Davalıların vurguladığı diğer konu ise, iklim değişikliğiyle mücadelenin Birleşmiş Milletler İklim Değişikliği Çerçeve Sözleşmesi UNFCCC üzerinden ele alınması gerektiği, AİHM’in yasa koyucu olamayacağı yönünde. Ayrıca, Avrupa İnsan Hakları Sözleşmesi, actio popularis niteliği taşıyan, yani kendilerinden ziyade toplumun geneli adına bir hak savunusuna dair yeterli bir yasal zemin de sunmuyor.
Ancak çocuklar ve gençler kararlı: İklimsel adalet taleplerini insan hakları üzerinden temellendirecekler ve devletlerin bireylerin haklarının ihlal edilmesi karşısında pasif kalamayacağını sürekli tekrar edecekler. Bu da, Avrupa İnsan Hakları Sözleşmesi’nin gerektirdiği pozitif koruma yükümlülüklerinin devletler tarafından uygulanması için bir garanti sunuyor. Dolayısıyla AİHM’in kararı neticesinde devletlerin de başvuru sahiplerinin insan haklarını ihlal etmemek için ellerinden gelen her şeyi yaptıklarını kanıtlamaları gerekecek.

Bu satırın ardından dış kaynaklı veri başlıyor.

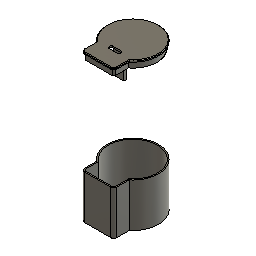
Co2SensorEnclosure (Autodesk Fusion 360 design; units mm, degrees)
Autodesk Fusion 360 part; units mm, degrees
sketch "Sketch1" plane through (0, 0, 0) normal (0, 1, 0) x (1, 0, 0)
  line L0 (0, 19) -> (0, -26.75) construction
  line L1 (0, -26.75) -> (11.5, -26.75) construction
  line L2 (10.5, -26.75) -> (-10.5, -26.75) construction
  line L3 (-11.5, -25.75) -> (-11.5, -15.1245) construction
  line L4 (11.5, -25.75) -> (11.5, -15.1245) construction
  arc A0 (-11.5, -25.75) -> (-10.5, -26.75) centre (-10.5, -25.75) ccw construction
  arc A1 (10.5, -26.75) -> (11.5, -25.75) centre (10.5, -25.75) ccw construction
  arc A2 (11.5, -15.1245) -> (-11.5, -15.1245) centre (0, 0) ccw construction
  line L5 (0, -26.75) -> (0, -20.775) construction
  line L6 (-11.5, -20.775) -> (-9.525, -20.775) construction
  circle A3 centre (-9.525, -20.775) radius 0.975
  circle A4 centre (9.525, -20.775) radius 0.975
  circle A5 centre (0, 0) radius 17.85 construction
  line L7 (10.5, -27.25) -> (-10.5, -27.25)
  arc A6 (-12, -25.75) -> (-10.5, -27.25) centre (-10.5, -25.75) ccw
  line L8 (-12, -25.75) -> (-12, -15.3704)
  arc A7 (12, -15.3704) -> (-12, -15.3704) centre (0, 0) ccw
  line L9 (12, -25.75) -> (12, -15.3704)
  arc A8 (10.5, -27.25) -> (12, -25.75) centre (10.5, -25.75) ccw
  arc A9 (10.5, -28.25) -> (13, -25.75) centre (10.5, -25.75) ccw
  line L10 (13, -25.75) -> (13, -15.8509)
  arc A10 (13, -15.8509) -> (-13, -15.8509) centre (0, 0) ccw
  line L11 (-13, -25.75) -> (-13, -15.8509)
  arc A11 (-13, -25.75) -> (-10.5, -28.25) centre (-10.5, -25.75) ccw
  line L12 (10.5, -28.25) -> (-10.5, -28.25)
  circle A12 centre (-9.525, -20.775) radius 2
  circle A13 centre (9.525, -20.775) radius 2
  circle A14 centre (0, 0) radius 17
  circle A15 centre (9.525, -20.775) radius 0.5
  circle A16 centre (-9.525, -20.775) radius 0.5
  point P0 (-11.5, -26.75)
  dimension "d1" = 38
  dimension "d2" = 45.75
  dimension "d3" = 11.5
  dimension "d4" = 23
  dimension "d5" = 26.75
  dimension "d6" = 1
  dimension "d7" = 1
  dimension "d8" = 5.975
  dimension "d10" = 9.525
  dimension "d11" = 1.95
  dimension "d12" = 1.95
  dimension "d13" = 9.525
  dimension "d16" = 5.975
  dimension "d17" = 5.975
  dimension "d18" = 1.975
  dimension "d19" = 1.975
  dimension "d20" = 35.7
  dimension "d21" = 0.5
  dimension "d22" = -1
  dimension "d25" = 4
  dimension "d26" = 4
  dimension "d29" = 34
  dimension "d36" = 1
  dimension "d37" = 1
  constraint coincident A2.centre A5.centre
  constraint coincident L0.start A2
  constraint vertical L0
  constraint perpendicular L0 L1
  constraint parallel L1 L2
  constraint perpendicular L2 L3
  constraint perpendicular L1 L4
  constraint coincident P0 L2
  constraint coincident P0 L3
  constraint tangent L2 A0
  constraint tangent L3 A0
  constraint coincident L1.end L4
  constraint coincident L1.end L2
  constraint tangent L4 A1
  constraint tangent L2 A1
  constraint perpendicular L2 L5
  constraint coincident L3 L6.start
  constraint perpendicular L3 L6
  constraint coincident L6.end A3.centre
  constraint concentric A3 A12
  constraint concentric A4 A13
  constraint concentric A2 A14
  constraint concentric A13 A15
  constraint concentric A3 A16
  measures "d1" diameter of A2
  measures "d2" distance of L0.start L0.end
  measures "d3" distance of L0.end L1.end
  measures "d4" distance of L1.end P0
  measures "d5" distance of A2.centre L1
  measures "d6" radius of A0
  measures "d7" radius of A1
  measures "d8" distance of L0.end L5.end
  measures "d10" horizontal distance of A2.centre L6.end
  measures "d11" diameter of A3
  measures "d12" diameter of A4
  measures "d13" horizontal distance of A2.centre A4.centre
  measures "d16" distance of L2 L6.end
  measures "d17" distance of L1 A4.centre
  measures "d18" distance of L3 L6.end
  measures "d19" distance of L4 A4.centre
  measures "d20" diameter of A5
  measures "d25" diameter of A12
  measures "d26" diameter of A13
  measures "d29" diameter of A14
  measures "d36" diameter of A15
  measures "d37" diameter of A16
extrude "Extrude1" add sketch "Sketch1" against normal blind 1 contours A3 | A4 | L7 A6 L8 A7 L9 A8 | A9 L10 A10 L11 A11 L12 | A12 | A13 | A14 | A15 | A16 makes body 1
extrude "Extrude4" add sketch "Sketch1" along normal blind 2 contours A3 | A4 | A12 | A13 bodies 1
extrude "Extrude3" cut sketch "Sketch1" against normal up to surface (1 mm away) contours A14 bodies 1
chamfer "Chamfer1" distance 2 distance2 0.76 1 edges at (-15.8496, -1, 6.1475) measured on face at (-0.4235, -1, 24.4842) on bodies 1
fillet "Fillet1" radius 2 1 faces at (0.4733, -1, 25.149) on bodies 1
extrude "Extrude5" add sketch "Sketch1" along normal blind 35 contours A9 L10 A10 L11 A11 L12 bodies 1
copy_body "Body->Comp1" bodies 1 removing the originals makes body 2 in component "Component"
extrude "Extrude1'" add sketch "Sketch1" along normal blind 1.3 separate body contours A3 | A4 | L7 A6 L8 A7 L9 A8 | A9 L10 A10 L11 A11 L12 | A12 | A13 | A14 | A15 | A16 makes body 3 in component "Cover"
sketch "Sketch1 (2)" plane through (0, 1.3, 0) normal (0, 1, 0) x (-1, 0, 0) in component "Cover"
  line L0 (-13, 25.75) -> (-13, 15.8509)
  arc A0 (-13, 15.8509) -> (13, 15.8509) centre (0, 0) ccw
  line L1 (13, 15.8509) -> (13, 25.75)
  arc A1 (13, 25.75) -> (10.5, 28.25) centre (10.5, 25.75) ccw
  line L2 (10.5, 28.25) -> (-10.5, 28.25)
  arc A2 (-10.5, 28.25) -> (-13, 25.75) centre (-10.5, 25.75) ccw
  line L3 (13, 15.8509) -> (-13, 15.8509) construction
  line L4 (0, 15.8509) -> (0, 12.6509) construction
  line L5 (0, 12.6509) -> (4.5, 12.6509) construction
  line L6 (3.3, 12.6509) -> (-3.3, 12.6509)
  line L7 (-4.5, 13.8509) -> (-4.5, 14.6509)
  line L8 (-3.3, 15.8509) -> (3.3, 15.8509)
  line L9 (4.5, 14.6509) -> (4.5, 13.8509)
  arc A3 (-4.5, 13.8509) -> (-3.3, 12.6509) centre (-3.3, 13.8509) ccw
  arc A4 (3.3, 12.6509) -> (4.5, 13.8509) centre (3.3, 13.8509) ccw
  arc A5 (4.5, 14.6509) -> (3.3, 15.8509) centre (3.3, 14.6509) ccw
  arc A6 (-3.3, 15.8509) -> (-4.5, 14.6509) centre (-3.3, 14.6509) ccw
  line L10 (0, 12.6509) -> (0, 11.1509) construction
  line L11 (0, 11.1509) -> (4, 11.1509) construction
  line L12 (4, 11.1509) -> (-4, 11.1509)
  line L13 (-4, 11.1509) -> (-4, 9.1509)
  line L14 (-4, 9.1509) -> (4, 9.1509)
  line L15 (4, 9.1509) -> (4, 11.1509)
  arc A7 (11.9, 25.75) -> (10.5, 27.15) centre (10.5, 25.75) ccw
  line L16 (10.5, 27.15) -> (-10.5, 27.15)
  arc A8 (-10.5, 27.15) -> (-11.9, 25.75) centre (-10.5, 25.75) ccw
  line L17 (-11.9, 25.75) -> (-11.9, 15.3216)
  arc A9 (-11.9, 15.3216) -> (11.9, 15.3216) centre (0, 0) ccw
  line L18 (11.9, 15.3216) -> (11.9, 25.75)
  arc A10 (10.9, 25.75) -> (10.5, 26.15) centre (10.5, 25.75) ccw
  line L19 (10.5, 26.15) -> (-10.5, 26.15)
  arc A11 (-10.5, 26.15) -> (-10.9, 25.75) centre (-10.5, 25.75) ccw
  line L20 (-10.9, 25.75) -> (-10.9, 14.824)
  arc A12 (-10.9, 14.824) -> (10.9, 14.824) centre (0, 0) ccw
  line L21 (10.9, 14.824) -> (10.9, 25.75)
  point P0 (-4.5, 12.6509)
  point P1 (4.5, 15.8509)
  dimension "d44" = 3.2
  dimension "d45" = 4.5
  dimension "d46" = 9
  dimension "d47" = 3.2
  dimension "d48" = 1.2
  dimension "d49" = 1.2
  dimension "d50" = 1.2
  dimension "d51" = 1.2
  dimension "d52" = 1.5
  dimension "d53" = 4
  dimension "d54" = 8
  dimension "d55" = 2
  dimension "d62" = -1.1
  dimension "d63" = -2.1
  constraint coincident A0.end L1.start
  constraint coincident L0.end A0.start
  constraint midpoint L3 L4.start
  constraint perpendicular L3 L4
  constraint perpendicular L4 L5
  constraint horizontal L6
  constraint vertical L7
  constraint horizontal L8
  constraint vertical L9
  constraint coincident P0 L7
  constraint coincident P0 L6
  constraint tangent L7 A3
  constraint tangent L6 A3
  constraint coincident L5.end L9
  constraint coincident L5.end L6
  constraint tangent L9 A4
  constraint tangent L6 A4
  constraint coincident P1 L8
  constraint coincident P1 L9
  constraint tangent L8 A5
  constraint tangent L9 A5
  constraint tangent L7 A6
  constraint tangent L8 A6
  constraint perpendicular L6 L10
  constraint perpendicular L10 L11
  constraint horizontal L12
  constraint vertical L13
  constraint horizontal L14
  constraint vertical L15
  measures "d44" distance of L4.start L4.end
  measures "d45" distance of L4.end L5.end
  measures "d46" distance of L5.end P0
  measures "d47" distance of L5.end P1
  measures "d48" radius of A3
  measures "d49" radius of A4
  measures "d50" radius of A5
  measures "d51" radius of A6
  measures "d52" distance of L4.end L10.end
  measures "d53" distance of L10.end L11.end
  measures "d54" distance of L11.end L12.end
  measures "d55" distance of L11.end L14.end
extrude "Extrude2" cut sketch "Sketch1 (2)" against normal up to surface (1.3 mm away) contours L6 L7 L8 L9 A3 A4 A5 A6 bodies 3 in component "Cover"
extrude "Extrude3'" add sketch "Sketch1 (2)" along normal blind 20 contours L12 L13 L14 L15 bodies 3 in component "Cover"
fillet "Fillet1'" radius 5 1 edges at (0, 1.3, 9.1509) on bodies 3 in component "Cover"
extrude "Extrude4'" add sketch "Sketch1 (2)" along normal blind 5 contours A7 L16 A8 L17 A9 L18 bodies 3 in component "Cover"
chamfer "Chamfer1'" distance 0.5 distance2 0.1 1 faces at (-3.5, 6.3, 26.4833) on bodies 3 in component "Cover"
fillet "Fillet2" radius 0.5 6 edges at (0, 0, -20.5) (13, 0, 20.8004) (12.2678, 0, 27.5178) (0, 0, 28.25) (-12.2678, 0, 27.5178) (-13, 0, 20.8004) on bodies 3 in component "Cover"
move_body "Move1" bodies 3 to x (1, 0, 0) y (0, 1, 0) z (0, 0, 1) at (0, 47, 0) in component "Cover"
move_body "Move2" bodies 3 to x (-1, 0, 0) y (0, -1, 0) z (0, 0, 1) at (0, 0, 0) in component "Cover"
move_body "Move3" bodies 3 to x (1, 0, 0) y (0, 1, 0) z (0, 0, 1) at (0, 99, 0) in component "Cover"
move_body "Move4" bodies 3 to x (1, 0, 0) y (0, 1, 0) z (0, 0, 1) at (0, 66, 0) in component "Cover"
component "Component" placed x (1, 0, 0) y (0, 1, 0) z (0, 0, 1) at (0, 0, 0)
component "Cover" placed x (1, 0, 0) y (0, 1, 0) z (0, 0, 1) at (0, 0, 0) in component "Component"
equation "d3 = ( 23 / 2 ) * 1 mm"
equation "d8 = 5 mm + ( 1.95 / 2 ) * 1 mm"
equation "d16 = 5.00 mm + ( 1.95 / 2 ) * 1 mm"
equation "d17 = 5.00 mm + ( 1.95 / 2 ) * 1 mm"
equation "d18 = 1 mm + ( 1.95 / 2 ) * 1 mm"
equation "d33 = 1 mm - 0.24 mm"
named bodies: "Cover"

En geç iki yıl içerisinde bir karara bağlanması beklenen dava, “çetin ceviz”. Büyük Daire tarafından verileceği için bu karara karşı temyiz olasılığı da olmayacak.
Strasburg’da görülen bu davada çocuklar bize umudu ve cesareti büyütmenin vaktinin geldiğini gösterdi.
Bu davanın giderek daha çok ses getirmesi sonucunda Avrupa hükümetlerini doğrudan yükümlülük altına sokan yeni ve yasal olarak bağlayıcı bir antlaşmaya varılabileceği de olasılıklar dahilinde. Zira Avrupa İnsan Hakları Mahkemesi, Avrupa dahilinde ve ötesinde yasal içtihat oluşturmada oldukça kritik ve güçlü bir makam...
Koyu bir sis bulutu içinde iklim değişikliğine dair vaatler ve tutulamayan sözler havada uçuşurken, Golyat’lara karşı Davud’ların hak arama mücadelesindeki cesaretini her kesim her zaman örnek almalı.